Commodities imported from ASEAN member countries were valued at $1.985 billion, contributing 27.2 percent share to total and registered an increase of 31.0 percent from $1.515 billion recorded in November 2015.  Proceeds from exports to ASEAN member countries were worth $751.06 million, resulting to a total trade of    $2.736 billion and a trade deficit of $1.234 billion (Table 8 and 10).
 
Imports from European Union were valued at $528.36 million.  It increased by 26.1 percent compared to a year ago value of $419.12 million.  Exports to member countries of European Union were worth $554.28 million, resulting to a total trade of $1.083 billion and a trade surplus of $25.92 million (Table 8 and 10).
 

 

 

 

Technical Notes

 

Import trade statistics are compiled by the Philippine Statistics Authority (PSA) from copies of import documents submitted to the Bureau of Customs (BOC) by importers or their authorized representatives as required by law.  Following are the source documents for imports:

  • Import Entry and Internal Revenue Declaration (BOC IEIRD Form 236)
  • Informal Import Declaration and Entry (BOC Form 177)
  • PEZA Warehousing Entry (BOC Form 242 CEWE)
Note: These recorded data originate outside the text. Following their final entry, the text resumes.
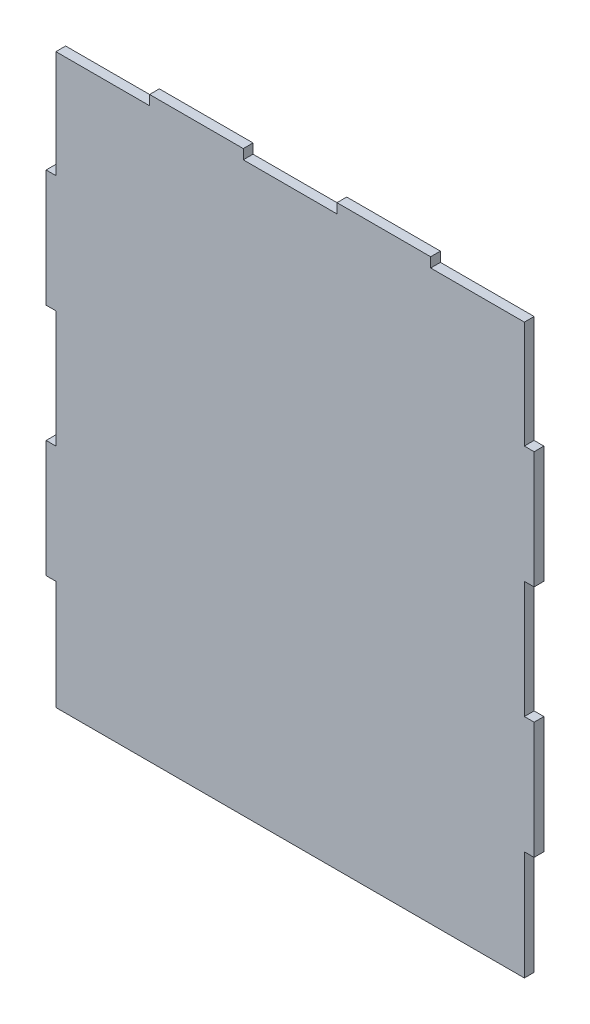
ISO-10303-21;
HEADER;
FILE_DESCRIPTION(('STEP AP214'),'2;1');
FILE_NAME('part.step','',(''),(''),'','','');
FILE_SCHEMA(('AUTOMOTIVE_DESIGN { 1 0 10303 214 1 1 1 1 }'));
ENDSEC;
DATA;
#1=APPLICATION_CONTEXT('core data for automotive mechanical design processes');
#2=APPLICATION_PROTOCOL_DEFINITION('international standard','automotive_design',2000,#1);
#3=PRODUCT_CONTEXT('',#1,'mechanical');
#4=PRODUCT('Part','Part','',(#3));
#5=PRODUCT_RELATED_PRODUCT_CATEGORY('part','',(#4));
#6=PRODUCT_DEFINITION_FORMATION('','',#4);
#7=PRODUCT_DEFINITION_CONTEXT('part definition',#1,'design');
#8=PRODUCT_DEFINITION('design','',#6,#7);
#9=PRODUCT_DEFINITION_SHAPE('','',#8);
#10=(LENGTH_UNIT() NAMED_UNIT(*) SI_UNIT(.MILLI.,.METRE.));
#11=(NAMED_UNIT(*) PLANE_ANGLE_UNIT() SI_UNIT($,.RADIAN.));
#12=(NAMED_UNIT(*) SI_UNIT($,.STERADIAN.) SOLID_ANGLE_UNIT());
#13=UNCERTAINTY_MEASURE_WITH_UNIT(LENGTH_MEASURE(1.E-05),#10,'distance_accuracy_value','');
#14=(GEOMETRIC_REPRESENTATION_CONTEXT(3) GLOBAL_UNCERTAINTY_ASSIGNED_CONTEXT((#13)) GLOBAL_UNIT_ASSIGNED_CONTEXT((#10,
#11,#12)) REPRESENTATION_CONTEXT('',''));
#15=CARTESIAN_POINT('',(0.,0.,0.));
#16=DIRECTION('',(0.,0.,1.));
#17=DIRECTION('',(1.,0.,0.));
#18=AXIS2_PLACEMENT_3D('',#15,#16,#17);
#19=CARTESIAN_POINT('',(245.,236.,5.));
#20=DIRECTION('',(0.,-1.,0.));
#21=DIRECTION('',(1.,0.,0.));
#22=AXIS2_PLACEMENT_3D('',#19,#20,#21);
#23=PLANE('',#22);
#24=DIRECTION('',(-1.,0.,0.));
#25=VECTOR('',#24,1.);
#26=CARTESIAN_POINT('',(245.,236.,0.));
#27=LINE('',#26,#25);
#28=CARTESIAN_POINT('',(250.,236.,0.));
#29=VERTEX_POINT('',#28);
#30=CARTESIAN_POINT('',(245.,236.,0.));
#31=VERTEX_POINT('',#30);
#32=EDGE_CURVE('E252',#29,#31,#27,.T.);
#33=ORIENTED_EDGE('',*,*,#32,.T.);
#34=DIRECTION('',(0.,0.,-1.));
#35=VECTOR('',#34,1.);
#36=CARTESIAN_POINT('',(245.,236.,5.));
#37=LINE('',#36,#35);
#38=CARTESIAN_POINT('',(245.,236.,5.));
#39=VERTEX_POINT('',#38);
#40=EDGE_CURVE('E11',#39,#31,#37,.T.);
#41=ORIENTED_EDGE('',*,*,#40,.F.);
#42=DIRECTION('',(-1.,0.,0.));
#43=VECTOR('',#42,1.);
#44=CARTESIAN_POINT('',(245.,236.,5.));
#45=LINE('',#44,#43);
#46=CARTESIAN_POINT('',(250.,236.,5.));
#47=VERTEX_POINT('',#46);
#48=EDGE_CURVE('E306',#47,#39,#45,.T.);
#49=ORIENTED_EDGE('',*,*,#48,.F.);
#50=DIRECTION('',(0.,0.,-1.));
#51=VECTOR('',#50,1.);
#52=CARTESIAN_POINT('',(250.,236.,5.));
#53=LINE('',#52,#51);
#54=EDGE_CURVE('E248',#47,#29,#53,.T.);
#55=ORIENTED_EDGE('',*,*,#54,.T.);
#56=EDGE_LOOP('',(#33,#41,#49,#55));
#57=FACE_BOUND('',#56,.T.);
#58=ADVANCED_FACE('F36',(#57),#23,.F.);
#59=CARTESIAN_POINT('',(245.,291.,5.));
#60=DIRECTION('',(-1.,0.,0.));
#61=DIRECTION('',(0.,0.,1.));
#62=AXIS2_PLACEMENT_3D('',#59,#60,#61);
#63=PLANE('',#62);
#64=DIRECTION('',(0.,1.,0.));
#65=VECTOR('',#64,1.);
#66=CARTESIAN_POINT('',(245.,291.,0.));
#67=LINE('',#66,#65);
#68=CARTESIAN_POINT('',(245.,291.,0.));
#69=VERTEX_POINT('',#68);
#70=EDGE_CURVE('E255',#31,#69,#67,.T.);
#71=ORIENTED_EDGE('',*,*,#70,.T.);
#72=DIRECTION('',(0.,0.,-1.));
#73=VECTOR('',#72,1.);
#74=CARTESIAN_POINT('',(245.,291.,5.));
#75=LINE('',#74,#73);
#76=CARTESIAN_POINT('',(245.,291.,5.));
#77=VERTEX_POINT('',#76);
#78=EDGE_CURVE('E44',#77,#69,#75,.T.);
#79=ORIENTED_EDGE('',*,*,#78,.F.);
#80=DIRECTION('',(0.,1.,0.));
#81=VECTOR('',#80,1.);
#82=CARTESIAN_POINT('',(245.,291.,5.));
#83=LINE('',#82,#81);
#84=EDGE_CURVE('E155',#39,#77,#83,.T.);
#85=ORIENTED_EDGE('',*,*,#84,.F.);
#86=ORIENTED_EDGE('',*,*,#40,.T.);
#87=EDGE_LOOP('',(#71,#79,#85,#86));
#88=FACE_BOUND('',#87,.T.);
#89=ADVANCED_FACE('F464',(#88),#63,.F.);
#90=CARTESIAN_POINT('',(197.,291.,5.));
#91=DIRECTION('',(0.,-1.,0.));
#92=DIRECTION('',(0.,0.,-1.));
#93=AXIS2_PLACEMENT_3D('',#90,#91,#92);
#94=PLANE('',#93);
#95=DIRECTION('',(-1.,0.,0.));
#96=VECTOR('',#95,1.);
#97=CARTESIAN_POINT('',(197.,291.,0.));
#98=LINE('',#97,#96);
#99=CARTESIAN_POINT('',(197.,291.,0.));
#100=VERTEX_POINT('',#99);
#101=EDGE_CURVE('E257',#69,#100,#98,.T.);
#102=ORIENTED_EDGE('',*,*,#101,.T.);
#103=DIRECTION('',(0.,0.,-1.));
#104=VECTOR('',#103,1.);
#105=CARTESIAN_POINT('',(197.,291.,5.));
#106=LINE('',#105,#104);
#107=CARTESIAN_POINT('',(197.,291.,5.));
#108=VERTEX_POINT('',#107);
#109=EDGE_CURVE('E373',#108,#100,#106,.T.);
#110=ORIENTED_EDGE('',*,*,#109,.F.);
#111=DIRECTION('',(-1.,0.,0.));
#112=VECTOR('',#111,1.);
#113=CARTESIAN_POINT('',(197.,291.,5.));
#114=LINE('',#113,#112);
#115=EDGE_CURVE('E381',#77,#108,#114,.T.);
#116=ORIENTED_EDGE('',*,*,#115,.F.);
#117=ORIENTED_EDGE('',*,*,#78,.T.);
#118=EDGE_LOOP('',(#102,#110,#116,#117));
#119=FACE_BOUND('',#118,.T.);
#120=ADVANCED_FACE('F379',(#119),#94,.F.);
#121=CARTESIAN_POINT('',(197.,296.,5.));
#122=DIRECTION('',(-1.,0.,0.));
#123=DIRECTION('',(0.,-1.,0.));
#124=AXIS2_PLACEMENT_3D('',#121,#122,#123);
#125=PLANE('',#124);
#126=DIRECTION('',(0.,1.,0.));
#127=VECTOR('',#126,1.);
#128=CARTESIAN_POINT('',(197.,296.,0.));
#129=LINE('',#128,#127);
#130=CARTESIAN_POINT('',(197.,296.,0.));
#131=VERTEX_POINT('',#130);
#132=EDGE_CURVE('E259',#100,#131,#129,.T.);
#133=ORIENTED_EDGE('',*,*,#132,.T.);
#134=DIRECTION('',(0.,0.,-1.));
#135=VECTOR('',#134,1.);
#136=CARTESIAN_POINT('',(197.,296.,5.));
#137=LINE('',#136,#135);
#138=CARTESIAN_POINT('',(197.,296.,5.));
#139=VERTEX_POINT('',#138);
#140=EDGE_CURVE('E370',#139,#131,#137,.T.);
#141=ORIENTED_EDGE('',*,*,#140,.F.);
#142=DIRECTION('',(0.,1.,0.));
#143=VECTOR('',#142,1.);
#144=CARTESIAN_POINT('',(197.,296.,5.));
#145=LINE('',#144,#143);
#146=EDGE_CURVE('E399',#108,#139,#145,.T.);
#147=ORIENTED_EDGE('',*,*,#146,.F.);
#148=ORIENTED_EDGE('',*,*,#109,.T.);
#149=EDGE_LOOP('',(#133,#141,#147,#148));
#150=FACE_BOUND('',#149,.T.);
#151=ADVANCED_FACE('F390',(#150),#125,.F.);
#152=CARTESIAN_POINT('',(149.,296.,5.));
#153=DIRECTION('',(0.,-1.,0.));
#154=DIRECTION('',(0.,0.,-1.));
#155=AXIS2_PLACEMENT_3D('',#152,#153,#154);
#156=PLANE('',#155);
#157=DIRECTION('',(-1.,0.,0.));
#158=VECTOR('',#157,1.);
#159=CARTESIAN_POINT('',(149.,296.,0.));
#160=LINE('',#159,#158);
#161=CARTESIAN_POINT('',(149.,296.,0.));
#162=VERTEX_POINT('',#161);
#163=EDGE_CURVE('E261',#131,#162,#160,.T.);
#164=ORIENTED_EDGE('',*,*,#163,.T.);
#165=DIRECTION('',(0.,0.,-1.));
#166=VECTOR('',#165,1.);
#167=CARTESIAN_POINT('',(149.,296.,5.));
#168=LINE('',#167,#166);
#169=CARTESIAN_POINT('',(149.,296.,5.));
#170=VERTEX_POINT('',#169);
#171=EDGE_CURVE('E367',#170,#162,#168,.T.);
#172=ORIENTED_EDGE('',*,*,#171,.F.);
#173=DIRECTION('',(-1.,0.,0.));
#174=VECTOR('',#173,1.);
#175=CARTESIAN_POINT('',(149.,296.,5.));
#176=LINE('',#175,#174);
#177=EDGE_CURVE('E396',#139,#170,#176,.T.);
#178=ORIENTED_EDGE('',*,*,#177,.F.);
#179=ORIENTED_EDGE('',*,*,#140,.T.);
#180=EDGE_LOOP('',(#164,#172,#178,#179));
#181=FACE_BOUND('',#180,.T.);
#182=ADVANCED_FACE('F394',(#181),#156,.F.);
#183=CARTESIAN_POINT('',(149.,291.,5.));
#184=DIRECTION('',(1.,0.,0.));
#185=DIRECTION('',(0.,0.,-1.));
#186=AXIS2_PLACEMENT_3D('',#183,#184,#185);
#187=PLANE('',#186);
#188=DIRECTION('',(0.,-1.,0.));
#189=VECTOR('',#188,1.);
#190=CARTESIAN_POINT('',(149.,291.,0.));
#191=LINE('',#190,#189);
#192=CARTESIAN_POINT('',(149.,291.,0.));
#193=VERTEX_POINT('',#192);
#194=EDGE_CURVE('E263',#162,#193,#191,.T.);
#195=ORIENTED_EDGE('',*,*,#194,.T.);
#196=DIRECTION('',(0.,0.,-1.));
#197=VECTOR('',#196,1.);
#198=CARTESIAN_POINT('',(149.,291.,5.));
#199=LINE('',#198,#197);
#200=CARTESIAN_POINT('',(149.,291.,5.));
#201=VERTEX_POINT('',#200);
#202=EDGE_CURVE('E364',#201,#193,#199,.T.);
#203=ORIENTED_EDGE('',*,*,#202,.F.);
#204=DIRECTION('',(0.,-1.,0.));
#205=VECTOR('',#204,1.);
#206=CARTESIAN_POINT('',(149.,291.,5.));
#207=LINE('',#206,#205);
#208=EDGE_CURVE('E398',#170,#201,#207,.T.);
#209=ORIENTED_EDGE('',*,*,#208,.F.);
#210=ORIENTED_EDGE('',*,*,#171,.T.);
#211=EDGE_LOOP('',(#195,#203,#209,#210));
#212=FACE_BOUND('',#211,.T.);
#213=ADVANCED_FACE('F477',(#212),#187,.F.);
#214=CARTESIAN_POINT('',(101.,291.,5.));
#215=DIRECTION('',(0.,-1.,0.));
#216=DIRECTION('',(0.,0.,-1.));
#217=AXIS2_PLACEMENT_3D('',#214,#215,#216);
#218=PLANE('',#217);
#219=DIRECTION('',(-1.,0.,0.));
#220=VECTOR('',#219,1.);
#221=CARTESIAN_POINT('',(101.,291.,0.));
#222=LINE('',#221,#220);
#223=CARTESIAN_POINT('',(101.,291.,0.));
#224=VERTEX_POINT('',#223);
#225=EDGE_CURVE('E265',#193,#224,#222,.T.);
#226=ORIENTED_EDGE('',*,*,#225,.T.);
#227=DIRECTION('',(0.,0.,-1.));
#228=VECTOR('',#227,1.);
#229=CARTESIAN_POINT('',(101.,291.,5.));
#230=LINE('',#229,#228);
#231=CARTESIAN_POINT('',(101.,291.,5.));
#232=VERTEX_POINT('',#231);
#233=EDGE_CURVE('E361',#232,#224,#230,.T.);
#234=ORIENTED_EDGE('',*,*,#233,.F.);
#235=DIRECTION('',(-1.,0.,0.));
#236=VECTOR('',#235,1.);
#237=CARTESIAN_POINT('',(101.,291.,5.));
#238=LINE('',#237,#236);
#239=EDGE_CURVE('E401',#201,#232,#238,.T.);
#240=ORIENTED_EDGE('',*,*,#239,.F.);
#241=ORIENTED_EDGE('',*,*,#202,.T.);
#242=EDGE_LOOP('',(#226,#234,#240,#241));
#243=FACE_BOUND('',#242,.T.);
#244=ADVANCED_FACE('F480',(#243),#218,.F.);
#245=CARTESIAN_POINT('',(101.,296.,5.));
#246=DIRECTION('',(-1.,0.,0.));
#247=DIRECTION('',(0.,-1.,0.));
#248=AXIS2_PLACEMENT_3D('',#245,#246,#247);
#249=PLANE('',#248);
#250=DIRECTION('',(0.,1.,0.));
#251=VECTOR('',#250,1.);
#252=CARTESIAN_POINT('',(101.,296.,0.));
#253=LINE('',#252,#251);
#254=CARTESIAN_POINT('',(101.,296.,0.));
#255=VERTEX_POINT('',#254);
#256=EDGE_CURVE('E267',#224,#255,#253,.T.);
#257=ORIENTED_EDGE('',*,*,#256,.T.);
#258=DIRECTION('',(0.,0.,-1.));
#259=VECTOR('',#258,1.);
#260=CARTESIAN_POINT('',(101.,296.,5.));
#261=LINE('',#260,#259);
#262=CARTESIAN_POINT('',(101.,296.,5.));
#263=VERTEX_POINT('',#262);
#264=EDGE_CURVE('E358',#263,#255,#261,.T.);
#265=ORIENTED_EDGE('',*,*,#264,.F.);
#266=DIRECTION('',(0.,1.,0.));
#267=VECTOR('',#266,1.);
#268=CARTESIAN_POINT('',(101.,296.,5.));
#269=LINE('',#268,#267);
#270=EDGE_CURVE('E407',#232,#263,#269,.T.);
#271=ORIENTED_EDGE('',*,*,#270,.F.);
#272=ORIENTED_EDGE('',*,*,#233,.T.);
#273=EDGE_LOOP('',(#257,#265,#271,#272));
#274=FACE_BOUND('',#273,.T.);
#275=ADVANCED_FACE('F484',(#274),#249,.F.);
#276=CARTESIAN_POINT('',(53.,296.,5.));
#277=DIRECTION('',(0.,-1.,0.));
#278=DIRECTION('',(0.,0.,-1.));
#279=AXIS2_PLACEMENT_3D('',#276,#277,#278);
#280=PLANE('',#279);
#281=DIRECTION('',(-1.,0.,0.));
#282=VECTOR('',#281,1.);
#283=CARTESIAN_POINT('',(53.,296.,0.));
#284=LINE('',#283,#282);
#285=CARTESIAN_POINT('',(53.,296.,0.));
#286=VERTEX_POINT('',#285);
#287=EDGE_CURVE('E269',#255,#286,#284,.T.);
#288=ORIENTED_EDGE('',*,*,#287,.T.);
#289=DIRECTION('',(0.,0.,-1.));
#290=VECTOR('',#289,1.);
#291=CARTESIAN_POINT('',(53.,296.,5.));
#292=LINE('',#291,#290);
#293=CARTESIAN_POINT('',(53.,296.,5.));
#294=VERTEX_POINT('',#293);
#295=EDGE_CURVE('E355',#294,#286,#292,.T.);
#296=ORIENTED_EDGE('',*,*,#295,.F.);
#297=DIRECTION('',(-1.,0.,0.));
#298=VECTOR('',#297,1.);
#299=CARTESIAN_POINT('',(53.,296.,5.));
#300=LINE('',#299,#298);
#301=EDGE_CURVE('E409',#263,#294,#300,.T.);
#302=ORIENTED_EDGE('',*,*,#301,.F.);
#303=ORIENTED_EDGE('',*,*,#264,.T.);
#304=EDGE_LOOP('',(#288,#296,#302,#303));
#305=FACE_BOUND('',#304,.T.);
#306=ADVANCED_FACE('F488',(#305),#280,.F.);
#307=CARTESIAN_POINT('',(53.,291.,5.));
#308=DIRECTION('',(1.,0.,0.));
#309=DIRECTION('',(0.,1.,0.));
#310=AXIS2_PLACEMENT_3D('',#307,#308,#309);
#311=PLANE('',#310);
#312=DIRECTION('',(0.,-1.,0.));
#313=VECTOR('',#312,1.);
#314=CARTESIAN_POINT('',(53.,291.,0.));
#315=LINE('',#314,#313);
#316=CARTESIAN_POINT('',(53.,291.,0.));
#317=VERTEX_POINT('',#316);
#318=EDGE_CURVE('E271',#286,#317,#315,.T.);
#319=ORIENTED_EDGE('',*,*,#318,.T.);
#320=DIRECTION('',(0.,0.,-1.));
#321=VECTOR('',#320,1.);
#322=CARTESIAN_POINT('',(53.,291.,5.));
#323=LINE('',#322,#321);
#324=CARTESIAN_POINT('',(53.,291.,5.));
#325=VERTEX_POINT('',#324);
#326=EDGE_CURVE('E352',#325,#317,#323,.T.);
#327=ORIENTED_EDGE('',*,*,#326,.F.);
#328=DIRECTION('',(0.,-1.,0.));
#329=VECTOR('',#328,1.);
#330=CARTESIAN_POINT('',(53.,291.,5.));
#331=LINE('',#330,#329);
#332=EDGE_CURVE('E411',#294,#325,#331,.T.);
#333=ORIENTED_EDGE('',*,*,#332,.F.);
#334=ORIENTED_EDGE('',*,*,#295,.T.);
#335=EDGE_LOOP('',(#319,#327,#333,#334));
#336=FACE_BOUND('',#335,.T.);
#337=ADVANCED_FACE('F492',(#336),#311,.F.);
#338=CARTESIAN_POINT('',(5.,291.,5.));
#339=DIRECTION('',(0.,-1.,0.));
#340=DIRECTION('',(0.,0.,-1.));
#341=AXIS2_PLACEMENT_3D('',#338,#339,#340);
#342=PLANE('',#341);
#343=DIRECTION('',(-1.,0.,0.));
#344=VECTOR('',#343,1.);
#345=CARTESIAN_POINT('',(5.,291.,0.));
#346=LINE('',#345,#344);
#347=CARTESIAN_POINT('',(5.,291.,0.));
#348=VERTEX_POINT('',#347);
#349=EDGE_CURVE('E273',#317,#348,#346,.T.);
#350=ORIENTED_EDGE('',*,*,#349,.T.);
#351=DIRECTION('',(0.,0.,-1.));
#352=VECTOR('',#351,1.);
#353=CARTESIAN_POINT('',(5.,291.,5.));
#354=LINE('',#353,#352);
#355=CARTESIAN_POINT('',(5.,291.,5.));
#356=VERTEX_POINT('',#355);
#357=EDGE_CURVE('E349',#356,#348,#354,.T.);
#358=ORIENTED_EDGE('',*,*,#357,.F.);
#359=DIRECTION('',(-1.,0.,0.));
#360=VECTOR('',#359,1.);
#361=CARTESIAN_POINT('',(5.,291.,5.));
#362=LINE('',#361,#360);
#363=EDGE_CURVE('E413',#325,#356,#362,.T.);
#364=ORIENTED_EDGE('',*,*,#363,.F.);
#365=ORIENTED_EDGE('',*,*,#326,.T.);
#366=EDGE_LOOP('',(#350,#358,#364,#365));
#367=FACE_BOUND('',#366,.T.);
#368=ADVANCED_FACE('F496',(#367),#342,.F.);
#369=CARTESIAN_POINT('',(5.,291.,5.));
#370=DIRECTION('',(1.,0.,0.));
#371=DIRECTION('',(0.,0.,-1.));
#372=AXIS2_PLACEMENT_3D('',#369,#370,#371);
#373=PLANE('',#372);
#374=DIRECTION('',(0.,-1.,0.));
#375=VECTOR('',#374,1.);
#376=CARTESIAN_POINT('',(5.,291.,0.));
#377=LINE('',#376,#375);
#378=CARTESIAN_POINT('',(5.,236.,0.));
#379=VERTEX_POINT('',#378);
#380=EDGE_CURVE('E275',#348,#379,#377,.T.);
#381=ORIENTED_EDGE('',*,*,#380,.T.);
#382=DIRECTION('',(0.,0.,-1.));
#383=VECTOR('',#382,1.);
#384=CARTESIAN_POINT('',(5.,236.,5.));
#385=LINE('',#384,#383);
#386=CARTESIAN_POINT('',(5.,236.,5.));
#387=VERTEX_POINT('',#386);
#388=EDGE_CURVE('E346',#387,#379,#385,.T.);
#389=ORIENTED_EDGE('',*,*,#388,.F.);
#390=DIRECTION('',(0.,-1.,0.));
#391=VECTOR('',#390,1.);
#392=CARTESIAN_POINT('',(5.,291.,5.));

Moreover, an electronic copy of the IEIRD, or called Single Administrative Document (SAD), is utilized to capture the monthly import figures.  SAD-IEIRD is an on-line submission of import documents either by brokers or companies.  These are transactions that pass through the Automated Cargo Operating System (ACOS) or now called the e2m (electronic to mobile) customs system; a system implemented through the BOC e-Customs Project. The output of this system is provided by BOC to PSA on a monthly basis through email.

All documents (hard copies and e-files) received before the cut-off date which is every 10th day of the month are compiled, processed and generated in a monthly statistical tables for the preparation of Press Release.  All documents received after the cut-off date, however, are processed and included in the generation of the revised statistical tables.  Processing includes coding, editing, review and validation. Revised statistical tables are made available 10 to 15 working days after the press release date.

Press Releases (PR) for Imports are disseminated at the same date of the PR for Export.  These are released every 10th day of each month.

The 2004 Philippine Standard Commodity Classification (PSCC) is used to classify the commodities at the 10-Digit level for statistical purposes.

Detailed data on international merchandise trade statistics are available at Philippine Statistics Authority, Economic Sector Statistics Service, Trade Statistics Division (Telephone Number: 376-19-75).

 

 

(Sgd.)  LISA GRACE S. BERSALES, Ph. D.